- To do -
Find each line below where the word "format" occurs, and copy it.

- Stored data -
···

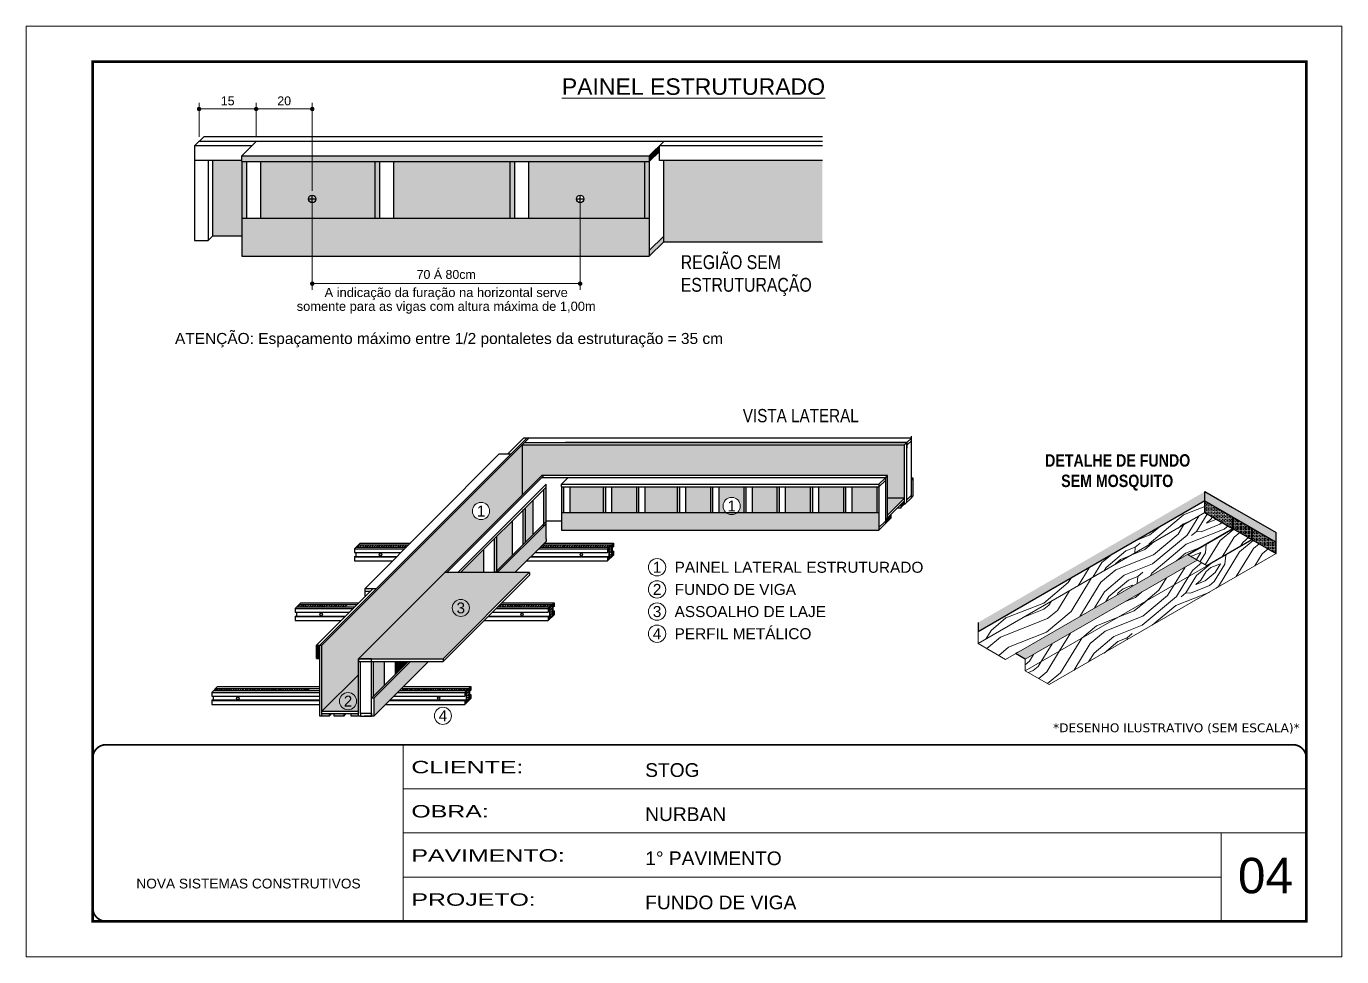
# Model space of a CAD drawing. Header units: millimetres. Extents: x 2455 to 8708, y 366 to 3713.
# Drawn here: x 7210 to 8695, y 2663 to 3713 of the extents above; entities that cross this region are included whole.
import ezdxf
from ezdxf.enums import TextEntityAlignment as Align

# ---------------------------------------------------------------- set-up
doc = ezdxf.new("R2010")
doc.units = ezdxf.units.MM
doc.linetypes.add('CONTINUO', pattern=[0])
doc.linetypes.add('DASHED', pattern=[0.75, 0.5, -0.25])
for name, color, linetype, lineweight in [('CARIMBO', 255, 'Continuous', 9), ('Demarcação 1', 251, 'Continuous', 9), ('Folhas', 255, 'Continuous', 9), ('fundo', 100, 'Continuous', 9), ('Madeira', 126, 'Continuous', 18), ('SARRAFO DE PRESSAO', 251, 'DASHED', 9)]:
    doc.layers.add(name, color=color, linetype=linetype, lineweight=lineweight)
for name, color, linetype in [('COTA', 241, 'Continuous'), ('HACHURA MADEIRAS', 1, 'Continuous'), ('material do compensado', 7, 'Continuous'), ('texto', 7, 'Continuous')]:
    doc.layers.add(name, color=color, linetype=linetype)
doc.layers.add('Demarcação 2', color=7, linetype='Continuous', lineweight=9, true_color=0xe0e0e0)
doc.styles.add('ARIAL', font='arial.ttf')
doc.styles.add('CESAR1', font='arial.ttf', dxfattribs={"oblique": 15})
doc.styles.add('ROMANC', font='techb___.ttf', dxfattribs={"height": 2.5})
doc.styles.get("Standard").update_dxf_attribs({"font": 'arial.ttf'})
doc.styles.add('stylellllll', font='verdana.ttf', dxfattribs={"height": 2})
doc.styles.add('Tecnologia', font='')
doc.styles.add('texto', font='ARIALN.TTF')
doc.styles.get('Tecnologia').set_extended_font_data('Forgotten Futurist')
doc.dimstyles.new('1x', dxfattribs={"dimtxt": 10, "dimasz": 5, "dimexe": 7, "dimexo": 5, "dimgap": 4, "dimtad": 1, "dimdec": 1, "dimdsep": 46, "dimtxsty": 'Standard', "dimblk": 'DOT', "dimcen": 0.09, "dimclrd": 4, "dimclre": 4, "dimclrt": 2, "dimadec": 0, "dimazin": 2, "dimtfac": 1, "dimtdec": 1, "dimtmove": 0, "dimatfit": 3, "dimldrblk": 'DOT', "dimfxl": 1, "dimtolj": 1, "dimtzin": 0, "dimlwd": 9, "dimlwe": 9, "dimarcsym": 0})
pattern_1 = [(45, (5002.2718, 51352.3062), (0.99436891, 3.64601934), [4.6875, -0.9375, 0, -0.9375])]
pattern_2 = [(355, (-41124.4, 315.46), (111.07494, 93.20294), [5.12645, -97.40264]), (85, (-41080.42, 347.63), (-93.20294, 111.07494), [10.2529, -92.27619]), (40, (-41101.74, 339.21), (8.936, 102.13894), [7.24881, -21.74642, 7.24881, -14.497615, 50.751904, -43.50449]), (40, (-41129.96, 310.8), (8.936, 102.13894), [7.24983, -14.49967, 7.24983, -115.99871]), (40, (-41093.314, 317.885), (8.936, 102.13894), [7.24983, -137.7482]), (40, (-41083.55, 311.885), (8.936, 102.13894), [7.24983, -137.7482]), (40, (-41097.974, 323.44), (8.936, 102.13894), [7.24983, -137.7482]), (40, (-41102.635, 328.99), (8.936, 102.13894), [14.49967, -130.49838]), (40, (-41070.4, 403.36), (8.936, 102.13894), [14.49967, -130.49838]), (40, (-41112.4, 334.99), (8.936, 102.13894), [28.99933, -115.99871]), (40, (-41117.06, 340.55), (8.936, 102.13894), [28.99933, -115.99871]), (40, (-41047.99, 365.38), (8.936, 102.13894), [28.99933, -115.99871]), (40, (-41121.275, 351.21), (8.936, 102.13894), [21.7497, -123.24834]), (40, (-41140.36, 368.316), (8.936, 102.13894), [21.7497, -123.24834]), (40, (-41131.04, 357.21), (8.936, 102.13894), [21.7497, -123.24834]), (40, (-41061.97, 382.04), (8.936, 102.13894), [36.24951, -108.74853]), (40, (-41071.74, 388.04), (8.936, 102.13894), [36.24951, -108.74853]), (40, (-41063.76, 361.614), (8.936, 102.13894), [50.74931, -94.24873]), (21.56505, (-41113.295, 324.78), (102.138945, -8.936), [11.4631, -217.79893]), (21.56505, (-41090.187, 353.634), (102.138945, -8.936), [11.4631, -217.79893]), (21.56505, (-41096.187, 343.867), (102.138945, -8.936), [11.4631, -217.79893]), (21.56505, (-41119.296, 315.013), (102.138945, -8.936), [22.9262, -206.33583]), (21.56505, (-41094.847, 359.19), (102.138945, -8.936), [34.3893, -194.87273]), (21.56505, (-41104.614, 365.19), (102.138945, -8.936), [45.8524, -183.40963]), (21.56505, (-41114.38, 371.19), (102.138945, -8.936), [45.8524, -183.40963]), (21.56505, (-41127.02, 403.17), (102.138945, -8.936), [45.8524, -183.40963]), (21.56505, (-41127.915, 392.957), (102.138945, -8.936), [57.3155, -171.94653]), (21.56505, (-41123.7, 382.296), (102.138945, -8.936), [57.3155, -171.94653]), (58.43495, (-41091.527, 338.313), (8.936, 102.138945), [11.4631, -217.79893]), (58.43495, (-41107.74, 329.44), (8.936, 102.138945), [11.4631, -217.79893]), (58.43495, (-41124.403, 315.46), (8.936, 102.138945), [22.9262, -206.33583]), (58.43495, (-41092.42, 328.1), (8.936, 102.138945), [22.9262, -206.33583]), (58.43495, (-41135.064, 311.246), (8.936, 102.138945), [34.3893, -194.87273]), (58.43495, (-41145.277, 312.14), (8.936, 102.138945), [45.8524, -183.40963]), (58.43495, (-41052.906, 309.204), (8.936, 102.138945), [45.8524, -183.40963]), (58.43495, (-41087.76, 322.546), (8.936, 102.138945), [45.8524, -183.40963]), (58.43495, (-41068.226, 310.545), (8.936, 102.138945), [57.3155, -171.94653]), (58.43495, (-41077.993, 316.545), (8.936, 102.138945), [57.3155, -171.94653])]
pattern_3 = [(0, (-30231.8857, -7438.4922), (0.82275303, 1.645506056), [0, -1.645506056])]

# ---------------------------------------------------------------- blocks, each defined once
blk = doc.blocks.new('9999999999')
at = {"color": 30, "linetype": 'CONTINUO'}
for p, q in [((98564.6, 34230.2), (98564.6, 34429.4)), ((98564.6, 34379.6), (99584, 34379.6)), ((98564.6, 34329.8), (99488, 34329.8)), ((99584, 34329.8), (99488, 34329.8)), ((99488, 34329.8), (99488, 34230.2)), ((98564.6, 34280), (99488, 34280))]:
    blk.add_line(p, q, dxfattribs=at)
at = {"color": 30, "linetype": 'CONTINUO', "const_width": 2}
blk.add_lwpolyline([(99584, 34230.2), (99584, 34414.4, 0.414214), (99569, 34429.4), (98229, 34429.4, 0.414214), (98214, 34414.4), (98214, 34245.2, 0.414214), (98229, 34230.2), (99584, 34230.2)], format="xyb", dxfattribs=at)
at = {"layer": 'Folhas'}
blk.add_lwpolyline([(98139, 34190.2), (99624, 34190.2), (99624, 35240.2), (98139, 35240.2)], close=True, dxfattribs=at)
at = {"layer": 'Folhas', "color": 30, "const_width": 3}
blk.add_lwpolyline([(98214, 34230.2), (99584, 34230.2), (99584, 35200.2), (98214, 35200.2)], close=True, dxfattribs=at)
at = {"color": 7, "linetype": 'Continuous', "ltscale": 5, "style": 'ARIAL'}
for s, height, p in [('STOG', 15.48, (98837.7, 34393.1)), ('NURBAN', 15.48, (98837.7, 34343.3)), ('1° PAVIMENTO', 15.483, (98837.7, 34293.5)), ('NOVA SISTEMAS CONSTRUTIVOS', 11.059, (98263.2, 34267.2)), ('FUNDO DE VIGA', 15.483, (98837.7, 34243.7))]:
    blk.add_text(s, height=height, dxfattribs=at).set_placement(p)
at = {"layer": 'Folhas', "color": 7, "style": 'Tecnologia', "width": 1.5}
for s, p in [('CLIENTE:', (98573.7, 34397.2)), ('OBRA:', (98573.7, 34347.3)), ('PAVIMENTO:', (98573.7, 34297.5)), ('PROJETO:', (98573.7, 34247.7))]:
    blk.add_text(s, height=14, dxfattribs=at).set_placement(p)
blk = doc.blocks.new('_Dot')
at = {"color": 0, "linetype": 'ByBlock', "lineweight": -2}
blk.add_line((-0.5, 0), (-1, 0), dxfattribs=at)
at = {"color": 0, "linetype": 'ByBlock', "const_width": 0.5}
blk.add_lwpolyline([(-0.25, 0, 1), (0.25, 0, 1)], format="xyb", close=True, dxfattribs=at)
blk = doc.blocks.new('*D47')
at = {"layer": 'COTA', "color": 4, "lineweight": 9, "transparency": 16777216}
for p, q in [((7404.8, 3588.2), (7404.8, 3626.7)), ((7469.3, 3587.8), (7469.3, 3626.7)), ((7409.8, 3619.7), (7464.3, 3619.7))]:
    blk.add_line(p, q, dxfattribs=at)
at = {"layer": 'Defpoints', "color": 0, "transparency": 16777216}
for p in [(7469.3, 3619.7), (7404.8, 3583.2), (7469.3, 3582.8)]:
    blk.add_point(p, dxfattribs=at)
at = {"layer": 'COTA', "color": 4, "lineweight": 9, "transparency": 16777216, "xscale": 5, "yscale": 5, "zscale": 5, "rotation": 180}
blk.add_blockref('_Dot', (7404.8, 3619.7), dxfattribs=at)
at = {"layer": 'COTA', "color": 4, "lineweight": 9, "transparency": 16777216, "xscale": 5, "yscale": 5, "zscale": 5}
blk.add_blockref('_Dot', (7469.3, 3619.7), dxfattribs=at)
at = {"layer": 'COTA', "color": 2, "transparency": 16777216, "insert": (7437.1, 3628.8), "char_height": 10, "attachment_point": 5}
blk.add_mtext('\\A1;15', dxfattribs=at)
blk = doc.blocks.new('*D48')
at = {"layer": 'COTA', "color": 4, "lineweight": 9, "transparency": 16777216}
for p, q in [((7469.3, 3587.8), (7469.3, 3626.7)), ((7532.6, 3527.4), (7532.6, 3626.7)), ((7474.3, 3619.7), (7527.6, 3619.7))]:
    blk.add_line(p, q, dxfattribs=at)
at = {"layer": 'Defpoints', "color": 0, "transparency": 16777216}
for p in [(7532.6, 3619.7), (7469.3, 3582.8), (7532.6, 3522.4)]:
    blk.add_point(p, dxfattribs=at)
at = {"layer": 'COTA', "color": 4, "lineweight": 9, "transparency": 16777216, "xscale": 5, "yscale": 5, "zscale": 5, "rotation": 180}
blk.add_blockref('_Dot', (7469.3, 3619.7), dxfattribs=at)
at = {"layer": 'COTA', "color": 4, "lineweight": 9, "transparency": 16777216, "xscale": 5, "yscale": 5, "zscale": 5}
blk.add_blockref('_Dot', (7532.6, 3619.7), dxfattribs=at)
at = {"layer": 'COTA', "color": 2, "transparency": 16777216, "insert": (7500.9, 3628.8), "char_height": 10, "attachment_point": 5}
blk.add_mtext('\\A1;20', dxfattribs=at)
blk = doc.blocks.new('*D49')
at = {"layer": 'COTA', "color": 4, "lineweight": 9, "transparency": 16777216}
for p, q in [((7532.6, 3517.4), (7532.6, 3415.6)), ((7835, 3517.4), (7835, 3415.6)), ((7537.6, 3422.6), (7830, 3422.6))]:
    blk.add_line(p, q, dxfattribs=at)
at = {"layer": 'Defpoints', "color": 0, "transparency": 16777216}
for p in [(7532.6, 3522.4), (7835, 3522.4), (7835, 3422.6)]:
    blk.add_point(p, dxfattribs=at)
at = {"layer": 'COTA', "color": 4, "lineweight": 9, "transparency": 16777216, "xscale": 5, "yscale": 5, "zscale": 5, "rotation": 180}
blk.add_blockref('_Dot', (7532.6, 3422.6), dxfattribs=at)
at = {"layer": 'COTA', "color": 4, "lineweight": 9, "transparency": 16777216, "xscale": 5, "yscale": 5, "zscale": 5}
blk.add_blockref('_Dot', (7835, 3422.6), dxfattribs=at)
at = {"layer": 'COTA', "color": 2, "transparency": 16777216, "insert": (7683.8, 3432.9), "char_height": 10, "attachment_point": 5}
blk.add_mtext('\\A1;70 Á 80cm', dxfattribs=at)

msp = doc.modelspace()

# ---------------------------------------------------------------- hatches: boundary and pattern name
at = {"linetype": 'ByBlock', "ltscale": 2}
for points in [[(7913.11, 3566.76), (7453.05, 3566.76), (7453.05, 3560.38), (7913.11, 3560.38)], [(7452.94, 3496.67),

···

- Solution to the problem -
blk.add_lwpolyline([(99584, 34230.2), (99584, 34414.4, 0.414214), (99569, 34429.4), (98229, 34429.4, 0.414214), (98214, 34414.4), (98214, 34245.2, 0.414214), (98229, 34230.2), (99584, 34230.2)], format="xyb", dxfattribs=at)
blk.add_lwpolyline([(-0.25, 0, 1), (0.25, 0, 1)], format="xyb", close=True, dxfattribs=at)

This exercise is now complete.